Name withheld by request
Reaching the Pentacle
Hand jive: Your depiction of the pentacle in the cartoon accompanying the otherwise excellent article "Waivering Rights" [by Lauren Kern, July 12] was very offensive to me as a follower of Wicca. Two of the major tenets of our belief state, "As you harm none, do what you will" and "Love is the law and love is the bond." Wiccans certainly support all possible efforts to clear innocent persons accused of crimes.

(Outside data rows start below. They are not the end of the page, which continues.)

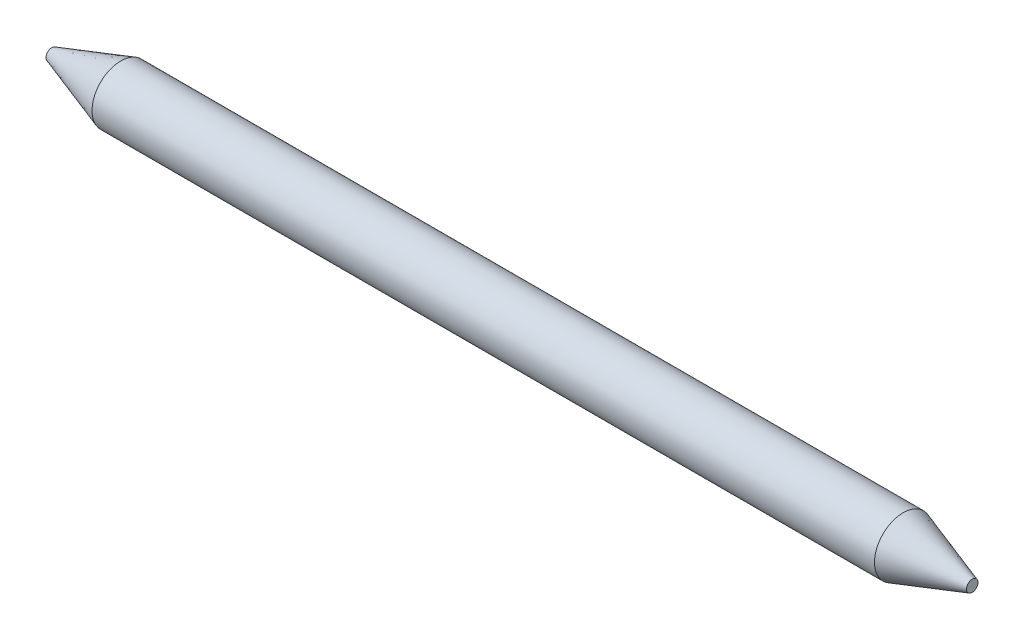
SolidWorks part; units mm, degrees
ref_plane "Front Plane" through (0, 0, 0) normal (0, 0, 1) x (1, 0, 0)
ref_plane "Top Plane" through (0, 0, 0) normal (0, 1, 0) x (1, 0, 0)
ref_plane "Right Plane" through (0, 0, 0) normal (1, 0, 0) x (0, 0, -1)
sketch "Sketch1" plane through (0, 0, 0) normal (1, 0, 0) x (0, 0, -1)
  circle A0 centre (0, 0) radius 1.5875
  dimension "D1" = 3.175
extrude "main" add sketch "Sketch1" along normal mid plane 50.8
chamfer "ends chamfer" distance 3.81 distance2 1.27 2 edges at (-25.4, 0, -1.5875) (25.4, 0, -1.5875)
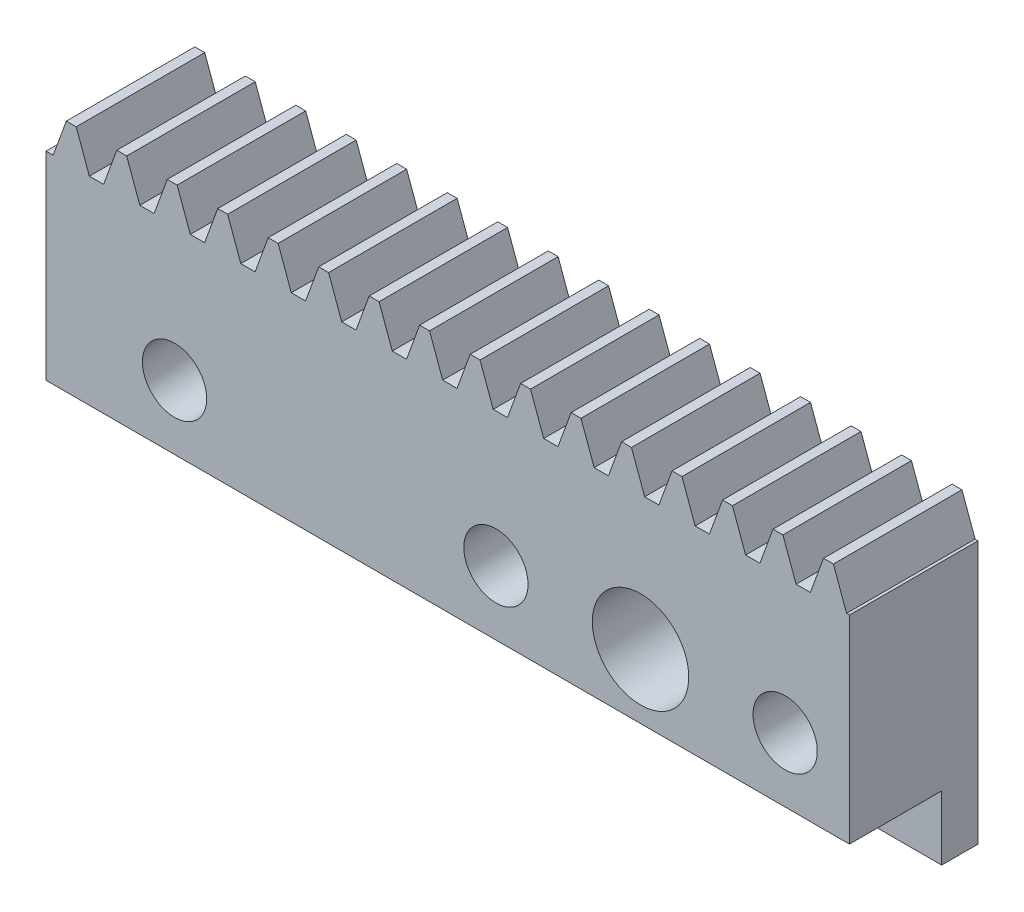
SolidWorks part; units mm, degrees
extrude "Blank" add sketch "BlankSke" against normal blind 4
sketch "BlankSke" plane through (0, 0, 0) normal (0, 0, 1) x (1, 0, 0)
  line L1 (0, 0) -> (25, 0)
  line L2 (0, 0) -> (0, 7.3)
  line L3 (0, 7.3) -> (25, 7.3)
  line L4 (25, 0) -> (25, 7.3)
  dimension "Length" = 25
  dimension "Blank_height" = 7.3
ref_plane "Plane1" through (0, 0, 0) normal (0, 0, 1) x (1, 0, 0)
ref_plane "Plane2" through (0, 0, 0) normal (0, 1, 0) x (1, 0, 0)
ref_plane "Plane3" through (0, 0, 0) normal (1, 0, 0) x (0, 0, -1)
sketch "HoldingSke" plane through (0, 0, 0) normal (0, 1, 0) x (1, 0, 0)
  line L0 (0, 0) -> (0.2783, 1.9805)
  line L1 (-15, 0) -> (100, 0) construction
  line L2 (0, 0) -> (-2.1039, 2.3779)
  line L3 (0, 0) -> (-11.863, 4.5341)
  line L4 (0, 0) -> (8.2587, 2.5249)
  line L5 (0, 0) -> (-23.7986, -8.8762)
  line L6 (0, 0) -> (-10.5278, -7.1032)
  line L9 (-71.009, 38.7566) -> (-47.5167, 47.3071)
  line L10 (-76.2, 2.8779) -> (-69.4, 2.8779)
  line L11 (0, 0) -> (-4, 0)
  line L12 (-76.2, 101.6) -> (-76.181, 101.6)
  line L13 (24.9733, 27.94) -> (52.9518, 28.4284)
  line L14 (24.9733, 27.94) -> (24.9743, 27.94)
  line L15 (24.9733, 27.94) -> (100.4006, 29.5858)
  circle A0 centre (0, 0) radius 19.05
  circle A1 centre (0, 0) radius 3.4
  circle A2 centre (0, 0) radius 12.7
  dimension "MPH" = 6.8
  dimension "Diameter" = 38.1
  dimension "Num_teeth" = 17
  dimension "Pitch" = 2
  dimension "Show_teeth" = 998
  dimension "Thickness" = 12.7
  dimension "Ap" = 20
  dimension "Pitch_height" = 6.8
  dimension "Width" = 4
  dimension "Backlash" = 0.019
  dimension "Addendum_fac" = 1
  dimension "Dedendum_fac" = 1.25
  dimension "Clearance_fac" = 0.25
  dimension "Dedendum_add" = 0.001
  dimension "Length" = 25
  dimension "Module" = 0.5
sketch "TooCutSkeIll" plane through (0, 0, 0) normal (0, 0, 1) x (1, 0, 0)
  line L0 (-0.6269, 7.2868) -> (-0.2524, 6.2579)
  line L1 (-0.134, 6.175) -> (0.134, 6.175)
  line L2 (0.2524, 6.2579) -> (0.6269, 7.2868)
  line L3 (25, 7.3) -> (0, 7.3) construction
  line L4 (0, 0) -> (0, 64.897) construction
  line L5 (-13.208, 6.8) -> (12.954, 6.8) construction
  line L6 (0, 0) -> (25, 0) construction
  line L7 (0.4497, 6.8) -> (0.4497, 48.7463) construction
  line L8 (-0.4497, 6.8) -> (-0.4497, 48.7463) construction
  line L9 (0.6457, 7.3) -> (0.6457, 7.3254)
  line L10 (-0.6457, 7.3) -> (-0.6457, 7.3254)
  line L11 (-0.6457, 7.3254) -> (0.6457, 7.3254)
  arc A0 (0.134, 6.175) -> (0.2524, 6.2579) centre (0.134, 6.301) ccw
  arc A1 (-0.2524, 6.2579) -> (-0.134, 6.175) centre (-0.134, 6.301) ccw
  arc A2 (0.6457, 7.3) -> (0.6269, 7.2868) centre (0.6457, 7.28) ccw
  arc A3 (-0.6269, 7.2868) -> (-0.6457, 7.3) centre (-0.6457, 7.28) ccw
  dimension "Pitch_height" = 6.8
  dimension "Addendum_plus" = 0.5254
  dimension "Pressure_angle" = 20
  dimension "Gap_width" = 0.8994
  dimension "Dedendum" = 0.625
extrude "ToothCutIll" [suppressed] cut sketch "TooCutSkeIll" against normal through all
sketch "TooCutSkeSim" plane through (0, 0, 0) normal (0, 0, 1) x (1, 0, 0)
  line L0 (0.2222, 6.175) -> (-0.2222, 6.175)
  line L1 (0.6409, 7.3254) -> (0.2222, 6.175)
  line L2 (0, 17.4625) -> (0, 53.467) construction
  line L3 (0.6409, 7.3254) -> (-0.6409, 7.3254)
  line L6 (-0.6409, 7.3254) -> (-0.2222, 6.175)
  line L9 (-0.4497, 6.8) -> (0.4497, 6.8) construction
  line L10 (0, 0) -> (25, 0) construction
  line L11 (0.4497, 6.8) -> (0.4497, 53.467) construction
  line L12 (-0.4497, 6.8) -> (-0.4497, 53.467) construction
  dimension "Pitch_height" = 6.8
  dimension "Addendum_plus" = 0.5254
  dimension "Pressure_angle" = 20
  dimension "Gap_width" = 0.8994
  dimension "Dedendum" = 0.625
extrude "ToothCutSim" cut sketch "TooCutSkeSim" against normal through all
pattern_linear "TeethCuts" count 17 spacing 1.5708 along (1, 0, 0) of "ToothCutIll", "ToothCutSim"
sketch "Sketch1" plane through (0, 0, -4) normal (0, 0, -1) x (-1, 0, 0)
  line L0 (-23, 2) -> (-25, 2)
  line L2 (-25, 0) -> (-25, 6.175) construction
  line L3 (-23, 0) -> (-23, 1)
  line L4 (0, 0) -> (-25, 0) construction
  line L5 (-23, 1) -> (-23, 3)
  line L6 (-22, 2) -> (-20, 2)
  line L7 (-20, 2) -> (-17, 2)
  line L8 (-17, 2) -> (-15, 2)
  line L9 (-15, 2) -> (-13, 2)
  line L10 (-13, 2) -> (-5, 2)
  line L11 (-5, 2) -> (-3, 2)
  circle A1 centre (-23, 2) radius 1
  circle A2 centre (-18.5, 2) radius 1.5
  circle A3 centre (-14, 2) radius 1
  circle A4 centre (-4, 2) radius 1
extrude "Cut-Extrude1" cut sketch "Sketch1" against normal through all contours L0 A1 L5 | A1 L5 | L5 A1 L0 | L7 A2 | L7 A2 | L9 A3 | L9 A3 | L11 A4 | L11 A4
sketch "Sketch4" plane through (0, 0, 0) normal (0, -1, 0) x (1, 0, 0)
  line L0 (0, -50) -> (0, 50) construction
  line L1 (0, -4) -> (25, -4)
  line L2 (0, -4) -> (0, -2.87)
  line L3 (0, -2.87) -> (25, -2.87)
  line L4 (25, -4) -> (25, -2.87)
  line L5 (0, -4) -> (25, -4) construction
  line L6 (25, -4) -> (25, 0) construction
  dimension "D1" = 1.13
extrude "Boss-Extrude1" add sketch "Sketch4" along normal blind 2
equation "' \"Module@HoldingSke\" = 6.35"
equation "' \"Num_teeth@HoldingSke\" = 12"
equation "' \"Ap@HoldingSke\" =  20"
equation "' \"Ap@HoldingSke\" = 20"
equation "' \"Width@HoldingSke\" = 0.25 * 25.4"
equation "' \"Show_teeth@HoldingSke\" = 500"
equation "' \"Backlash@HoldingSke\" = 0.009 * 25.4"
equation "' \"Addendum_fac@HoldingSke\" = 1.0"
equation "' \"Dedendum_fac@HoldingSke\" = 1.25"
equation "' \"Dedendum_add@HoldingSke\" = 0.00005 * 25.4"
equation "' \"Clearance_fac@HoldingSke\" = 0.25"
equation "' \"Pitch_height@HoldingSke\" = 1 * 25.4"
equation "' \"Length@HoldingSke\" = 4.71 * 25.4"
equation "\"Pitch@HoldingSke\" = 1 / \"Module@HoldingSke\""
equation "\"MPH@HoldingSke\" = \"Dedendum_fac@HoldingSke\" / \"Pitch@HoldingSke\" + 2 * \"Dedendum_add@HoldingSke\" + 0.002 * 25.4"
equation "\"MPH@HoldingSke\" = ((sgn( \"MPH@HoldingSke\" - \"Pitch_height@HoldingSke\")+1)*( \"MPH@HoldingSke\" - \"Pitch_height@HoldingSke\"))/2 + \"Pitch_height@HoldingSke\""
equation "\"Blank_height@BlankSke\" = \"Pitch_height@HoldingSke\" + \"Addendum_fac@HoldingSke\"  / \"Pitch@HoldingSke\" "
equation "\"Length@BlankSke\" =  \"Length@HoldingSke\""
equation "\"Face_width@Blank\" = \"Width@HoldingSke\""
equation "\"Pressure_angle@TooCutSkeIll\" = \"Ap@HoldingSke\""
equation "\"Addendum_plus@TooCutSkeIll\" =  \"Addendum_fac@HoldingSke\"  / \"Pitch@HoldingSke\" + 0.001 *25.4"
equation "\"Dedendum@TooCutSkeIll\" = \"Dedendum_fac@HoldingSke\"  / \"Pitch@HoldingSke\""
equation "\"Pitch_height@TooCutSkeIll\" =  \"MPH@HoldingSke\""
equation "\"Gap_width@TooCutSkeIll\" = 3.14159265 / 2 / \"Pitch@HoldingSke\" + 6 * \"Backlash@HoldingSke\""
equation "\"Pressure_angle@TooCutSkeSim\" = \"Ap@HoldingSke\""
equation "\"Addendum_plus@TooCutSkeSim\" =  \"Addendum_fac@HoldingSke\"  / \"Pitch@HoldingSke\" + 0.001 * 25.4"
equation "\"Dedendum@TooCutSkeSim\" = \"Dedendum_fac@HoldingSke\"  / \"Pitch@HoldingSke\""
equation "\"Pitch_height@TooCutSkeSim\" =  \"MPH@HoldingSke\""
equation "\"Gap_width@TooCutSkeSim\" = 3.14159265 / 2 / \"Pitch@HoldingSke\" + 6 * \"Backlash@HoldingSke\""
equation "\"Root_fillet@TooCutSkeIll\" = \"Clearance_fac@HoldingSke\" / \"Pitch@HoldingSke\" + \"Dedendum_add@HoldingSke\""
equation "\"Break_rad@TooCutSkeIll\" = 0.02 / \"Pitch@HoldingSke\" * 2"
equation "\"Linear_pitch@TeethCuts\" = 3.14159265 / \"Pitch@HoldingSke\""
equation "\"Num_teeth@HoldingSke\" = int( ( \"Length@HoldingSke\" + 0 ) / (3.14159265 / \"Pitch@HoldingSke\")) + 0.9999  + 1"
equation " \"Num_teeth@TeethCuts\" = int( \"Show_teeth@HoldingSke\" ) + 1"
equation " \"Num_teeth@TeethCuts\" = ((sgn( \"Num_teeth@TeethCuts\" - \"Num_teeth@HoldingSke\" )-1)*( \"Num_teeth@TeethCuts\" - \"Num_teeth@HoldingSke\" ))/-2+ \"Num_teeth@HoldingSke\""
equation " \"Num_teeth@TeethCuts\" = ((sgn( \"Num_teeth@TeethCuts\" - 2.0)+1)*( \"Num_teeth@TeethCuts\" - 2.0))/2 +2.0"

It has been said that monotheism has caused more harm to humanity than any other belief system of the last few thousand years. Some investigation will reveal that virtually all of the employees of the district attorney's office believe in monotheistic religions; the vast majority, if not all, are Christian and Jewish. Why did you not depict a cross or a Star of David on the hand in the cartoon?
Name withheld by request
Getting a Woody
Allen wench: I guess by the mere presence and tone of your review ["As Good As He Gets," by Bill Gallo, August 23] of Woody Allen's latest edition of his seemingly endless, self-absorbed New York romps, you have crossed over into the land of the fawning. It never ceases to amaze me how people forget that Mr. Allen is a neurotic pedophile who continues to demean, and give a bad name to, true neuroses.
His ability to consistently cash in on his stale anxieties apparently makes for a good artist and at least buries his true disturbance under the adulation bestowed upon him, and his ensemble casts, by the likes of reviewers such as those from the "Houston Pressed."
Get a grip, boys. You are tripping over the stale East Coast stampede of those blind fawners who worshiped this false idol long before you. Following an old trend is unbecoming at the very least, especially one that is tainted by such publicized, yet simultaneously ignored, pathology. You used to be as good as it got.